**EXERCISE INSTRUCTIONS:**
Write out exactly the lines below that run from the one containing "#26815 = VERTEX_POINT ( 'NONE', #15806 ) ;" through the one containing "#28587 = ADVANCED_FACE", both included, with no other lines.

**PROVIDED RECORDS:**
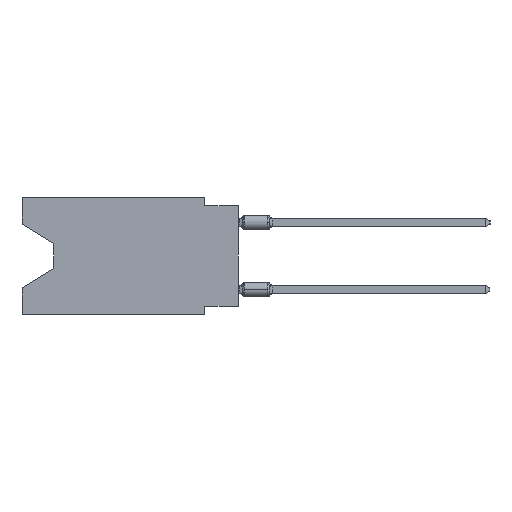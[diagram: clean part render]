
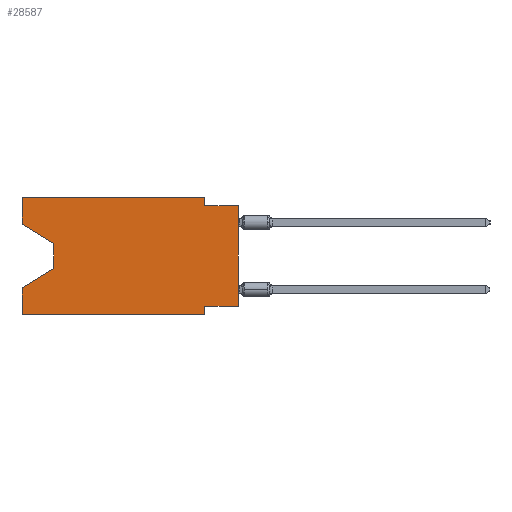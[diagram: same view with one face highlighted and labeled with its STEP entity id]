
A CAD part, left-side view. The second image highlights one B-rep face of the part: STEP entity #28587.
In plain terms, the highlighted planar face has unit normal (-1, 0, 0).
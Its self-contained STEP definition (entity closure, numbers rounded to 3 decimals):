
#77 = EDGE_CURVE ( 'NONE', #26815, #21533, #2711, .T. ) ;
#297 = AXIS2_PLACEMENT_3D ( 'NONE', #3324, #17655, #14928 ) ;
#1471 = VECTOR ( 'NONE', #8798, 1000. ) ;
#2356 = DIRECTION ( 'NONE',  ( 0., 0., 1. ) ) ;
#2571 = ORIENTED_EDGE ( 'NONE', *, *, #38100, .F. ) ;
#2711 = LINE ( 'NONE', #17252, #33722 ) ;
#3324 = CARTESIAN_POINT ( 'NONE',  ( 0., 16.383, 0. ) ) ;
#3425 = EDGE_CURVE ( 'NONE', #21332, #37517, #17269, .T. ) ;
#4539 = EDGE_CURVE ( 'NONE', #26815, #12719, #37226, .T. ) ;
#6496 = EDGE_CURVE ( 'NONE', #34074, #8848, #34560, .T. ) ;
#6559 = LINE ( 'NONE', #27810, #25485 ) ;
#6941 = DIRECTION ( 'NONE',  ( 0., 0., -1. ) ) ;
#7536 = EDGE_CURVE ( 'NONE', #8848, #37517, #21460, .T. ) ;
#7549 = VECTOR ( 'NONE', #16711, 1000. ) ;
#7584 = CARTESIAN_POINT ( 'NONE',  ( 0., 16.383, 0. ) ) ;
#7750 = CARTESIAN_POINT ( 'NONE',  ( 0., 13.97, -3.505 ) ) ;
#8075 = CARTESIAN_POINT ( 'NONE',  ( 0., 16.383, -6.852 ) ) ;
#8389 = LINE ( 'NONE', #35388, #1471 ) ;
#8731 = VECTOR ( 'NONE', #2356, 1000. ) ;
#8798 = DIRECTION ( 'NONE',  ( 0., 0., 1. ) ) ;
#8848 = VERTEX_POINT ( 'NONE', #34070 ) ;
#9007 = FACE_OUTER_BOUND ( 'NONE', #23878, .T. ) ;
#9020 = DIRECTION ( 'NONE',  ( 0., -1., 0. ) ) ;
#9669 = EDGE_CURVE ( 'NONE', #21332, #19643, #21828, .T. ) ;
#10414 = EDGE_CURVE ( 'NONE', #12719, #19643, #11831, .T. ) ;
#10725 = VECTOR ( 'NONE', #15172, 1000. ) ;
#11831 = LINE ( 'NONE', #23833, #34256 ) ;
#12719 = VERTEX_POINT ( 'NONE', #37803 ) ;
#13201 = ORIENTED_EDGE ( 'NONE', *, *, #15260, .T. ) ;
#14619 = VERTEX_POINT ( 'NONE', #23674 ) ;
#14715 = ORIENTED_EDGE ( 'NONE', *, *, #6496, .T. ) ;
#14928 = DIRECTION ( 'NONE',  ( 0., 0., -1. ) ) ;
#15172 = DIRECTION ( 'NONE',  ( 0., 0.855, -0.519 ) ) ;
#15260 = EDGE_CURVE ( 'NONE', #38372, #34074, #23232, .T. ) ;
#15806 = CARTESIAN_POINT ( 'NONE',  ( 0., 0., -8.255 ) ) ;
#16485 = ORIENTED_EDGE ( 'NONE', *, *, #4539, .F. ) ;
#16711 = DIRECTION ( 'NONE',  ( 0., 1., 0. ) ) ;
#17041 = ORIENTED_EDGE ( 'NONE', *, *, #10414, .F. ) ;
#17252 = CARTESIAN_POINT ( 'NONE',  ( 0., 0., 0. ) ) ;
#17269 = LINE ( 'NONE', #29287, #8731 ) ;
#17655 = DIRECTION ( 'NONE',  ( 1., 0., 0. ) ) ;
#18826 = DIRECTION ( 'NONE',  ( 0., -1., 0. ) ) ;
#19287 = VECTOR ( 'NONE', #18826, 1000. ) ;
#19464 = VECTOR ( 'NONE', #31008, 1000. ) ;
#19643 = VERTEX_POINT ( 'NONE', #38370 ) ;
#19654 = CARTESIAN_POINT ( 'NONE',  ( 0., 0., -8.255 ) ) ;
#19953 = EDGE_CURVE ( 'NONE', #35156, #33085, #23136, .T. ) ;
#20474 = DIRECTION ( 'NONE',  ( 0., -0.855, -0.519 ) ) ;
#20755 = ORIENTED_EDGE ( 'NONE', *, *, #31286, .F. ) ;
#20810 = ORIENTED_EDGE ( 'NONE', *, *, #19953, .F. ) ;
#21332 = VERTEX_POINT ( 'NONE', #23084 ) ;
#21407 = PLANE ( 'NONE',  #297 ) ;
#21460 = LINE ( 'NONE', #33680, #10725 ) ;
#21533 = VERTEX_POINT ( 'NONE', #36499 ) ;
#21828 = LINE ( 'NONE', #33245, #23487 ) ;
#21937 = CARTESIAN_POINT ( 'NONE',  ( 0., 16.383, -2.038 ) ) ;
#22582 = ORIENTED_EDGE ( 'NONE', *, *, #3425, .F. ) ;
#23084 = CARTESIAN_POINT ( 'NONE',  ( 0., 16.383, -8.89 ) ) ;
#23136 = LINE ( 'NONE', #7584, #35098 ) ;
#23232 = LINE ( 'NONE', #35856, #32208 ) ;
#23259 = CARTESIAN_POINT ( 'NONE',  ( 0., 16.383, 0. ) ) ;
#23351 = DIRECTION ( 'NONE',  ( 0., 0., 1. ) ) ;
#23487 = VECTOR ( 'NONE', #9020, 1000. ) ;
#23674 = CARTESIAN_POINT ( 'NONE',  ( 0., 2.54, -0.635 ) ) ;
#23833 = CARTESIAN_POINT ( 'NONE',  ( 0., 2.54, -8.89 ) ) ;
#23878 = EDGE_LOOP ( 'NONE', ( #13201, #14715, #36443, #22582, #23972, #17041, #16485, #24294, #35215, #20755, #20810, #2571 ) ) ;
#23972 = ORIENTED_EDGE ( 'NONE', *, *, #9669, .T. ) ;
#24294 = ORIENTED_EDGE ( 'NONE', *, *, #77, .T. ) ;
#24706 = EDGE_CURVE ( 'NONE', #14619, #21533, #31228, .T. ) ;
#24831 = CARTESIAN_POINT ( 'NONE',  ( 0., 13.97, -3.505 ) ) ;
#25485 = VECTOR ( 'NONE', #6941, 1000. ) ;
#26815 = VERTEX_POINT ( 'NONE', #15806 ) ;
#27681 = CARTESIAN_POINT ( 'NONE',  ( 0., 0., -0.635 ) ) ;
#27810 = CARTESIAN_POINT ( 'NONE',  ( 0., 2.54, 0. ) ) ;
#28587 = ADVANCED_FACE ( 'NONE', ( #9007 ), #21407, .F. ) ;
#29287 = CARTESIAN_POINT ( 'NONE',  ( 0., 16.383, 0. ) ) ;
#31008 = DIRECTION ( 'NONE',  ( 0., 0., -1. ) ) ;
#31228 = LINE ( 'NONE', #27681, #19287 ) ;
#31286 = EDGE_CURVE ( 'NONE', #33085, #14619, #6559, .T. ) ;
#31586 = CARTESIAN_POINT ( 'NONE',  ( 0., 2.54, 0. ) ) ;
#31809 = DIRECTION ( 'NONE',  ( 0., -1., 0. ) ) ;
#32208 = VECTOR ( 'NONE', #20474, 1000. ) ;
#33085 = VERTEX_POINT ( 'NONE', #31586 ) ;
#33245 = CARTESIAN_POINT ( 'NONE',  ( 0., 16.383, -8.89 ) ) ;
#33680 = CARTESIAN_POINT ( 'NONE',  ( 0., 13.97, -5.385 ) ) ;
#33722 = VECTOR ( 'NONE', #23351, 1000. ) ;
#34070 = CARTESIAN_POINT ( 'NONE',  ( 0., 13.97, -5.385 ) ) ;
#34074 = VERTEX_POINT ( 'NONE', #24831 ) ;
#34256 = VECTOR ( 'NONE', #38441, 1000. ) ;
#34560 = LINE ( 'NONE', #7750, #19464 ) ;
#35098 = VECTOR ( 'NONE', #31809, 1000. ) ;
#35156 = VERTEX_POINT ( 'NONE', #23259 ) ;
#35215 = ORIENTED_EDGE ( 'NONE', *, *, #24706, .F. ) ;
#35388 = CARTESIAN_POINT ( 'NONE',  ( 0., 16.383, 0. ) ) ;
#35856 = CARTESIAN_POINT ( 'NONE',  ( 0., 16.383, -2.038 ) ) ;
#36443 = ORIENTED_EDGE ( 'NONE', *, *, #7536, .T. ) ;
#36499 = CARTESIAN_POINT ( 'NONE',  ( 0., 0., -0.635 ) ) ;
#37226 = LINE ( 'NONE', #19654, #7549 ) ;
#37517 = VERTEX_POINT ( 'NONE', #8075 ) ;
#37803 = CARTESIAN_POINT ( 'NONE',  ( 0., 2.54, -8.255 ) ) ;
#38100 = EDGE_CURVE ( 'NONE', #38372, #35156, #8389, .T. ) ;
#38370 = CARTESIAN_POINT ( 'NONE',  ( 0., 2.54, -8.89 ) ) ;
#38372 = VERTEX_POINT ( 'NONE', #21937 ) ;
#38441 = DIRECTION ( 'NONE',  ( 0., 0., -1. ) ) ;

**OUTPUT FOR THIS EXERCISE:**
#26815 = VERTEX_POINT ( 'NONE', #15806 ) ;
#27681 = CARTESIAN_POINT ( 'NONE',  ( 0., 0., -0.635 ) ) ;
#27810 = CARTESIAN_POINT ( 'NONE',  ( 0., 2.54, 0. ) ) ;
#28587 = ADVANCED_FACE ( 'NONE', ( #9007 ), #21407, .F. ) ;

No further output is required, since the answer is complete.